● Exercise prompt: The entries below contain a line with "Gain1 : Gain" and a line with "a_adv/1 -> adv/1". Quote exactly those two lines and all lines between them.

Excerpts from a dataset
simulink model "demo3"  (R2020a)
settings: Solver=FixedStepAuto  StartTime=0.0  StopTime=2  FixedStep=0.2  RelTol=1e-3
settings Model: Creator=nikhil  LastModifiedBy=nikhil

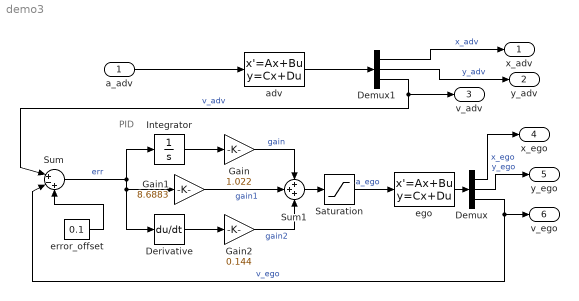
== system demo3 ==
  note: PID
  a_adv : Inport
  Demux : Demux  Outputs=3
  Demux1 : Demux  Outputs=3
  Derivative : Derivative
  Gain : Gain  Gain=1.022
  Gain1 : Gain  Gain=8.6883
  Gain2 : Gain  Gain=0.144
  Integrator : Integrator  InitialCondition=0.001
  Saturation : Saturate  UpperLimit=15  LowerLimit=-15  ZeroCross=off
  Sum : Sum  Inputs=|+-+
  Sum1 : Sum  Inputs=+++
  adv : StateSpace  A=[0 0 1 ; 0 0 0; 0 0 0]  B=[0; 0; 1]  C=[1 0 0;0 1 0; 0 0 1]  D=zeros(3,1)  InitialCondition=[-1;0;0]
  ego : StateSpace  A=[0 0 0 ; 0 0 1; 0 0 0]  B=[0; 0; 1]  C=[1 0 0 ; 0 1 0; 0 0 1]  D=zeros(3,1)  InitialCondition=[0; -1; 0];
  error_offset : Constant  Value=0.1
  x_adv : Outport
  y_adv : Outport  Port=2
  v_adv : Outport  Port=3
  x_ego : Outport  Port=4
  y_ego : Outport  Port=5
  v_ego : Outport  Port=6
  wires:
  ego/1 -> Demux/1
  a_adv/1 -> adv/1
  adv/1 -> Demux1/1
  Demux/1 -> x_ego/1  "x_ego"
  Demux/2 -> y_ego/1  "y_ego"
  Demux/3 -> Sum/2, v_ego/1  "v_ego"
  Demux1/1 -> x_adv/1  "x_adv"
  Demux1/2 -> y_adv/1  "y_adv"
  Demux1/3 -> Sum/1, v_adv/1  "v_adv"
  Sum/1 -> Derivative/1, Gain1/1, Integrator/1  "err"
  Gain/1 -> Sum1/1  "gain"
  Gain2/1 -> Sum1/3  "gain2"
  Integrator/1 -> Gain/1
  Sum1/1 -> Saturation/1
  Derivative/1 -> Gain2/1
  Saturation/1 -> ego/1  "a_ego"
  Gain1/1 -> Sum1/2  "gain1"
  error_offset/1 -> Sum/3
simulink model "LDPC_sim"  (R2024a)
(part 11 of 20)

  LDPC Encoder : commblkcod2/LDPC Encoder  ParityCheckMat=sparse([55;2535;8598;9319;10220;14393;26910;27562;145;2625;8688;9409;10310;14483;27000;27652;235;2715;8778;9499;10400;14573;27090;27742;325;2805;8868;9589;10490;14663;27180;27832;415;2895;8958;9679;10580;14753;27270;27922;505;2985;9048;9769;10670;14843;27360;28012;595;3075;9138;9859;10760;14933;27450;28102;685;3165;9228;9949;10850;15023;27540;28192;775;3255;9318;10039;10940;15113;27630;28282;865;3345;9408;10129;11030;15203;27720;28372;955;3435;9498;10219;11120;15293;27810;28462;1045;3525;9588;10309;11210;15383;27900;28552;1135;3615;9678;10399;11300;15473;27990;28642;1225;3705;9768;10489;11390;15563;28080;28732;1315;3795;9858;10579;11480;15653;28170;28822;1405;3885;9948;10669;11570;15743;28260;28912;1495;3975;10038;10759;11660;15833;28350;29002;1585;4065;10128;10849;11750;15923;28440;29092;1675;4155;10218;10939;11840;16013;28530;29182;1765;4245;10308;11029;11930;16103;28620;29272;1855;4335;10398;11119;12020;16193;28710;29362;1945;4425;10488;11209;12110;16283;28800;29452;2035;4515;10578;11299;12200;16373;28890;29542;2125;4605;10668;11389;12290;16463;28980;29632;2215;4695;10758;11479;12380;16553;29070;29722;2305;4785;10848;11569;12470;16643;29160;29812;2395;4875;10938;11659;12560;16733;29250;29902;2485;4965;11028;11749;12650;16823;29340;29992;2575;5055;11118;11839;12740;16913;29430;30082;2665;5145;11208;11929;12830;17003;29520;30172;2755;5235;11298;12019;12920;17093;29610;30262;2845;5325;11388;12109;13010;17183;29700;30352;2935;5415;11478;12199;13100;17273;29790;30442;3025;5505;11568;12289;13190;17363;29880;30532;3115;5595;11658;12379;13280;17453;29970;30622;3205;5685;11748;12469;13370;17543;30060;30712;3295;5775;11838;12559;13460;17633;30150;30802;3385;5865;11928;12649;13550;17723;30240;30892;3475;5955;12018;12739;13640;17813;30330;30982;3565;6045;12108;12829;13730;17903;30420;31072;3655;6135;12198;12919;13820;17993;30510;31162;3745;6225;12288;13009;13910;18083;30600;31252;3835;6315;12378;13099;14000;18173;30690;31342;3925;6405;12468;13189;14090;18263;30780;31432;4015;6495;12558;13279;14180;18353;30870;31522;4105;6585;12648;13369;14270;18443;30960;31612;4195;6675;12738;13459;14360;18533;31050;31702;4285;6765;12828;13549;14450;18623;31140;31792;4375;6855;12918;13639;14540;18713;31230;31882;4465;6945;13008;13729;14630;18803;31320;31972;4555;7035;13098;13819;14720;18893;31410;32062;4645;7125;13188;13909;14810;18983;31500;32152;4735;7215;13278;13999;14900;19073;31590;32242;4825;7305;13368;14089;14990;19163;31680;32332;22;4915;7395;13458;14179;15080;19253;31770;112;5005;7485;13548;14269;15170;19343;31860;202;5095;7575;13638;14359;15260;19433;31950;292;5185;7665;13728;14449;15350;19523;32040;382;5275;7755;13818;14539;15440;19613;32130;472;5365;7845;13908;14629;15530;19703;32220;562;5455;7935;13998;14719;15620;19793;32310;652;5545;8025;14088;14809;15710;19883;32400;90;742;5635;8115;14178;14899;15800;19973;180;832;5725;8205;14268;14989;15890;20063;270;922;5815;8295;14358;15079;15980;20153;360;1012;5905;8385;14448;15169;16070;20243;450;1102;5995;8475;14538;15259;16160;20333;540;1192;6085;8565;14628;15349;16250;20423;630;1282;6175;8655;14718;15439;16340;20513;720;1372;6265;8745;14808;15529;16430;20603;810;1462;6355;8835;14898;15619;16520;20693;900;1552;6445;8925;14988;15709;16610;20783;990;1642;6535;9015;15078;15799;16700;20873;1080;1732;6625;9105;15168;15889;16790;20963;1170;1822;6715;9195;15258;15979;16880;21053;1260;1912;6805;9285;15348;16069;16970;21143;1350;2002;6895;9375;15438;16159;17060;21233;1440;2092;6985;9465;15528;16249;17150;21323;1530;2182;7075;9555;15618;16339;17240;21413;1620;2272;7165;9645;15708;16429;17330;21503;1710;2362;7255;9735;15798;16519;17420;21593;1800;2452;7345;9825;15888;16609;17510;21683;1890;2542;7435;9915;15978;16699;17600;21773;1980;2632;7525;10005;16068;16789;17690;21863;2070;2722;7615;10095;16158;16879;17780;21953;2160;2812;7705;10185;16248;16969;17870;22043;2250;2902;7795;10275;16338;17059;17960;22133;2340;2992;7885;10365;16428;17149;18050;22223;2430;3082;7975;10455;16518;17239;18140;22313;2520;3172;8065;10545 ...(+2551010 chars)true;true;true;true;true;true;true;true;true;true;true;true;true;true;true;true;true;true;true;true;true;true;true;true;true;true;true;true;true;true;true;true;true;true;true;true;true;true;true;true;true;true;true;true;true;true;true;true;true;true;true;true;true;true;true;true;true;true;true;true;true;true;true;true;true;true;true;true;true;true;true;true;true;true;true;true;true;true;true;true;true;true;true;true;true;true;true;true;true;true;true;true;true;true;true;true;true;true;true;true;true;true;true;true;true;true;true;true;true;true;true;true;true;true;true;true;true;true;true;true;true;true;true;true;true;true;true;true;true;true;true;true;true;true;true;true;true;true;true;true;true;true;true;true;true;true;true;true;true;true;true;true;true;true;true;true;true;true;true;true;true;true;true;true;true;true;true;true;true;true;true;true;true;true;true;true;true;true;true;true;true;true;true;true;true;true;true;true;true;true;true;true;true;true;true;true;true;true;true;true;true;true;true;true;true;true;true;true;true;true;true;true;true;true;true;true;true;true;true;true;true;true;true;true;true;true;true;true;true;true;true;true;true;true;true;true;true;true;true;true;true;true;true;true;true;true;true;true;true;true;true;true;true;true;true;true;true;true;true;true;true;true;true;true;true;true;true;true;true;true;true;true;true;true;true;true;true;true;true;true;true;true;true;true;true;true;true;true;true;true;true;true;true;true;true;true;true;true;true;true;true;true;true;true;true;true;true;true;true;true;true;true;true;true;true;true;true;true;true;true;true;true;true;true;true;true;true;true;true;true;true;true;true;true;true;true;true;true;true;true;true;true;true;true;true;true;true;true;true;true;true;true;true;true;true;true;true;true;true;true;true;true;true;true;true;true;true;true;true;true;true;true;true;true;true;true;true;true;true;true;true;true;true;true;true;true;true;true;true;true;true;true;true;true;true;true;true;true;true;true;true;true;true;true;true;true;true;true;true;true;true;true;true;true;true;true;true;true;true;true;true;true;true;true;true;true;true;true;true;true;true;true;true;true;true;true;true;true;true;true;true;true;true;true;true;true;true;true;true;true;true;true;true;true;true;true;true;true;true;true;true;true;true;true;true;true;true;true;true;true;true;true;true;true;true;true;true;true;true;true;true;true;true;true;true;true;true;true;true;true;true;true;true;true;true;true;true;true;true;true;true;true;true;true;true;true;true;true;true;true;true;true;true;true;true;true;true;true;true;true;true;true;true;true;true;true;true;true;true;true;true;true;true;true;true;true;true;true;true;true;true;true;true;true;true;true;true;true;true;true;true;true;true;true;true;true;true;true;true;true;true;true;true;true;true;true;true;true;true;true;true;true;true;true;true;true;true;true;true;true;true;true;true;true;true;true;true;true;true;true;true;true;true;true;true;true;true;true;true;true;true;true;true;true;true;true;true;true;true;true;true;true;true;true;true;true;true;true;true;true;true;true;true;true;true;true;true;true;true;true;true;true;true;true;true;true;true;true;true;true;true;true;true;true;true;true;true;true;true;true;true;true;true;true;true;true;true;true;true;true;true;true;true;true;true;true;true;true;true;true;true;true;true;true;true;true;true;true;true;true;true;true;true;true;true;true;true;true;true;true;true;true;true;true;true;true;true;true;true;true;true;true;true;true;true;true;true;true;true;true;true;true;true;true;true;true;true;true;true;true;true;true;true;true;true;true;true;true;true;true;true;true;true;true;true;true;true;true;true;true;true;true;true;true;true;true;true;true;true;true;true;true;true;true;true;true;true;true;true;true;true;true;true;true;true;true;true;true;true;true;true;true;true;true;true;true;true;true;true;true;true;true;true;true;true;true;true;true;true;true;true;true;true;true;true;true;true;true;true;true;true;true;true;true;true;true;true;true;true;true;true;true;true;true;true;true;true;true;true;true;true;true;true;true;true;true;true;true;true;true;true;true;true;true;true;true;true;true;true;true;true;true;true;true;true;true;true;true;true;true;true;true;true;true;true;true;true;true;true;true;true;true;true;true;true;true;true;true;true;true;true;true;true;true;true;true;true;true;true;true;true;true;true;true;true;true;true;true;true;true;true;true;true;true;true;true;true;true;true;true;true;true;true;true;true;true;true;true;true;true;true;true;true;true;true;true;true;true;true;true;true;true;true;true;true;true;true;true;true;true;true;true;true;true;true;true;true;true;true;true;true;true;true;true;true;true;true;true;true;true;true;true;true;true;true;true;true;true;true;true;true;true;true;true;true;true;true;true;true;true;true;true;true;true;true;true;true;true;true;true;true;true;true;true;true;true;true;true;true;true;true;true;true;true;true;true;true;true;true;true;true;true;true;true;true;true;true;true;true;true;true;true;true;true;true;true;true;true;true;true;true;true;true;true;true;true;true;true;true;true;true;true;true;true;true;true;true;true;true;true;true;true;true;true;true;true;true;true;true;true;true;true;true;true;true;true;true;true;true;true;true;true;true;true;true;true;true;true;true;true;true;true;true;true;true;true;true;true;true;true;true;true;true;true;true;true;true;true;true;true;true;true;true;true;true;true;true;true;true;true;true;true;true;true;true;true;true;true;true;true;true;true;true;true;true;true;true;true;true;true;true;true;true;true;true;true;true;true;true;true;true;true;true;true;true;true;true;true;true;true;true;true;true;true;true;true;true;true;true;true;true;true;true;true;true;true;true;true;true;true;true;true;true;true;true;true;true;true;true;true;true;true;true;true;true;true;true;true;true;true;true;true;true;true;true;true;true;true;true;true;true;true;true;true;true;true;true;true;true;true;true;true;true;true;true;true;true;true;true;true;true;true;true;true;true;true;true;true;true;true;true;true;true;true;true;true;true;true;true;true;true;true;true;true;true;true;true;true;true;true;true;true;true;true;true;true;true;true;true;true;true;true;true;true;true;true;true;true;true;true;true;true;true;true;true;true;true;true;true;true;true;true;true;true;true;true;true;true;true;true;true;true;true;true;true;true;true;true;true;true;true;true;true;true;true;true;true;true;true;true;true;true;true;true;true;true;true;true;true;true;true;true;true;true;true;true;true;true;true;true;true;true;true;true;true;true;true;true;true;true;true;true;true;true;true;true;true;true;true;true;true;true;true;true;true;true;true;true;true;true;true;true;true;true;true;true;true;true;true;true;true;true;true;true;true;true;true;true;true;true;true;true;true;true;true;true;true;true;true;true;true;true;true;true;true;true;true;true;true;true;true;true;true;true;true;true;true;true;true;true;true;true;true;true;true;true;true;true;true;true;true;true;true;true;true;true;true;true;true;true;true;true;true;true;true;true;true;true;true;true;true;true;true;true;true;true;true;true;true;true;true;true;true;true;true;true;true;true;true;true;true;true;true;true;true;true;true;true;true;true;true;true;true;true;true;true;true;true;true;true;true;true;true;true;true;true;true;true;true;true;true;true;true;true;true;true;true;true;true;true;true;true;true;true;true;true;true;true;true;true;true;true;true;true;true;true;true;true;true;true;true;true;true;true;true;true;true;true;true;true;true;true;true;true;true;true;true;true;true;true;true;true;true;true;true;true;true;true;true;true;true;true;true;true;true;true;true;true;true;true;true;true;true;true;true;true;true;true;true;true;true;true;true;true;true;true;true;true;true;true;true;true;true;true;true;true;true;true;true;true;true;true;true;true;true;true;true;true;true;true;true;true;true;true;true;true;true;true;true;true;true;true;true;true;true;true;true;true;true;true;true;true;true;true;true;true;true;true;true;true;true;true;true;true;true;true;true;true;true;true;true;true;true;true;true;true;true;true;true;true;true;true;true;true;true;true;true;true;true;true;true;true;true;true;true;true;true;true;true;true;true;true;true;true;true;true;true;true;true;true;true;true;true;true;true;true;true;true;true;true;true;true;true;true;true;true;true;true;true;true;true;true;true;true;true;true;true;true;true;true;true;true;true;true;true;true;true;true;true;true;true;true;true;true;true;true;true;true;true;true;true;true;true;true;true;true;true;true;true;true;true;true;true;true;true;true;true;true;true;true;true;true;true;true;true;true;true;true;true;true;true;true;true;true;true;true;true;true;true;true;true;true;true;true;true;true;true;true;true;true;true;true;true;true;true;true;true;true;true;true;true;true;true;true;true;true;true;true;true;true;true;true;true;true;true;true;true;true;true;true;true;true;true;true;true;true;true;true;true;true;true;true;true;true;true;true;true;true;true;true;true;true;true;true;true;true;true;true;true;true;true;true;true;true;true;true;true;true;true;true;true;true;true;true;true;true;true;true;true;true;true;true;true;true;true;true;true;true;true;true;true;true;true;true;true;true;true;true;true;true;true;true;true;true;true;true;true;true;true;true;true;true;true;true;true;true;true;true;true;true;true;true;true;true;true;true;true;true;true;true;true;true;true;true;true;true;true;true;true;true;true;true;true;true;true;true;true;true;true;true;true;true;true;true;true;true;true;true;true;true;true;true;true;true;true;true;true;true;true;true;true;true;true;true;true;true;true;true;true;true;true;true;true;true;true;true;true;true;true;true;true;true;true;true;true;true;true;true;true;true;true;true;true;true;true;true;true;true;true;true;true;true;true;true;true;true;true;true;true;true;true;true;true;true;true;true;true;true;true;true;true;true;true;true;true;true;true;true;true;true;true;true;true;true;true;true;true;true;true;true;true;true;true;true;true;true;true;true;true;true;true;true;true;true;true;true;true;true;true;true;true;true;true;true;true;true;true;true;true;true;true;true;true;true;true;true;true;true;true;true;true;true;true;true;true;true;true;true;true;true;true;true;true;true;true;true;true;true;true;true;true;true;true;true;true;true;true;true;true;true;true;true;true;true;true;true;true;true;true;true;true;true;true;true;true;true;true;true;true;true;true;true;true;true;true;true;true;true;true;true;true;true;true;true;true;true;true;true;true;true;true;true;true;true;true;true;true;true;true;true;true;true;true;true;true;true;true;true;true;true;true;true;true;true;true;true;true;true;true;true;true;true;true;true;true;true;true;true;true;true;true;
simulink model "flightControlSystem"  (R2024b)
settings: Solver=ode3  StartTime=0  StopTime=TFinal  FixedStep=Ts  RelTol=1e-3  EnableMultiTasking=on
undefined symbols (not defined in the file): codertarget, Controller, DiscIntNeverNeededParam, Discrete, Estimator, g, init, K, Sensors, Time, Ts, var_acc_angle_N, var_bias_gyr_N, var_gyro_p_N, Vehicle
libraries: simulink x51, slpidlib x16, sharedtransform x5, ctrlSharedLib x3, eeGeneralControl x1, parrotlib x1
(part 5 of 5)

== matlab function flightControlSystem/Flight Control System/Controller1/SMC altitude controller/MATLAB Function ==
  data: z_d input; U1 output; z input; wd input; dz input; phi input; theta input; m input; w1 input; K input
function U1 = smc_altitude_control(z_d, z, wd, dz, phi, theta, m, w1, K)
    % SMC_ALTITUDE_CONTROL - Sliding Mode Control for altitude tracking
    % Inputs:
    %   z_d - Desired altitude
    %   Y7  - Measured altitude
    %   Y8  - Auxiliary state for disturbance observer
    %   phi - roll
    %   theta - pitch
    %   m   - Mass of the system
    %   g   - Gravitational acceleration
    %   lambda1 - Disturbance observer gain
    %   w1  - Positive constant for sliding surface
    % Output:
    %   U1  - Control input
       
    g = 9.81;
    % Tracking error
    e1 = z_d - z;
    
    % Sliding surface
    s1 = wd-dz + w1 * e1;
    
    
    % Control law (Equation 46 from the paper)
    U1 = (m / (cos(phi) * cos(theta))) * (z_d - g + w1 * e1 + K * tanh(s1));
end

● The answer:
  Gain1 : Gain  Gain=8.6883
  Gain2 : Gain  Gain=0.144
  Integrator : Integrator  InitialCondition=0.001
  Saturation : Saturate  UpperLimit=15  LowerLimit=-15  ZeroCross=off
  Sum : Sum  Inputs=|+-+
  Sum1 : Sum  Inputs=+++
  adv : StateSpace  A=[0 0 1 ; 0 0 0; 0 0 0]  B=[0; 0; 1]  C=[1 0 0;0 1 0; 0 0 1]  D=zeros(3,1)  InitialCondition=[-1;0;0]
  ego : StateSpace  A=[0 0 0 ; 0 0 1; 0 0 0]  B=[0; 0; 1]  C=[1 0 0 ; 0 1 0; 0 0 1]  D=zeros(3,1)  InitialCondition=[0; -1; 0];
  error_offset : Constant  Value=0.1
  x_adv : Outport
  y_adv : Outport  Port=2
  v_adv : Outport  Port=3
  x_ego : Outport  Port=4
  y_ego : Outport  Port=5
  v_ego : Outport  Port=6
  wires:
  ego/1 -> Demux/1
  a_adv/1 -> adv/1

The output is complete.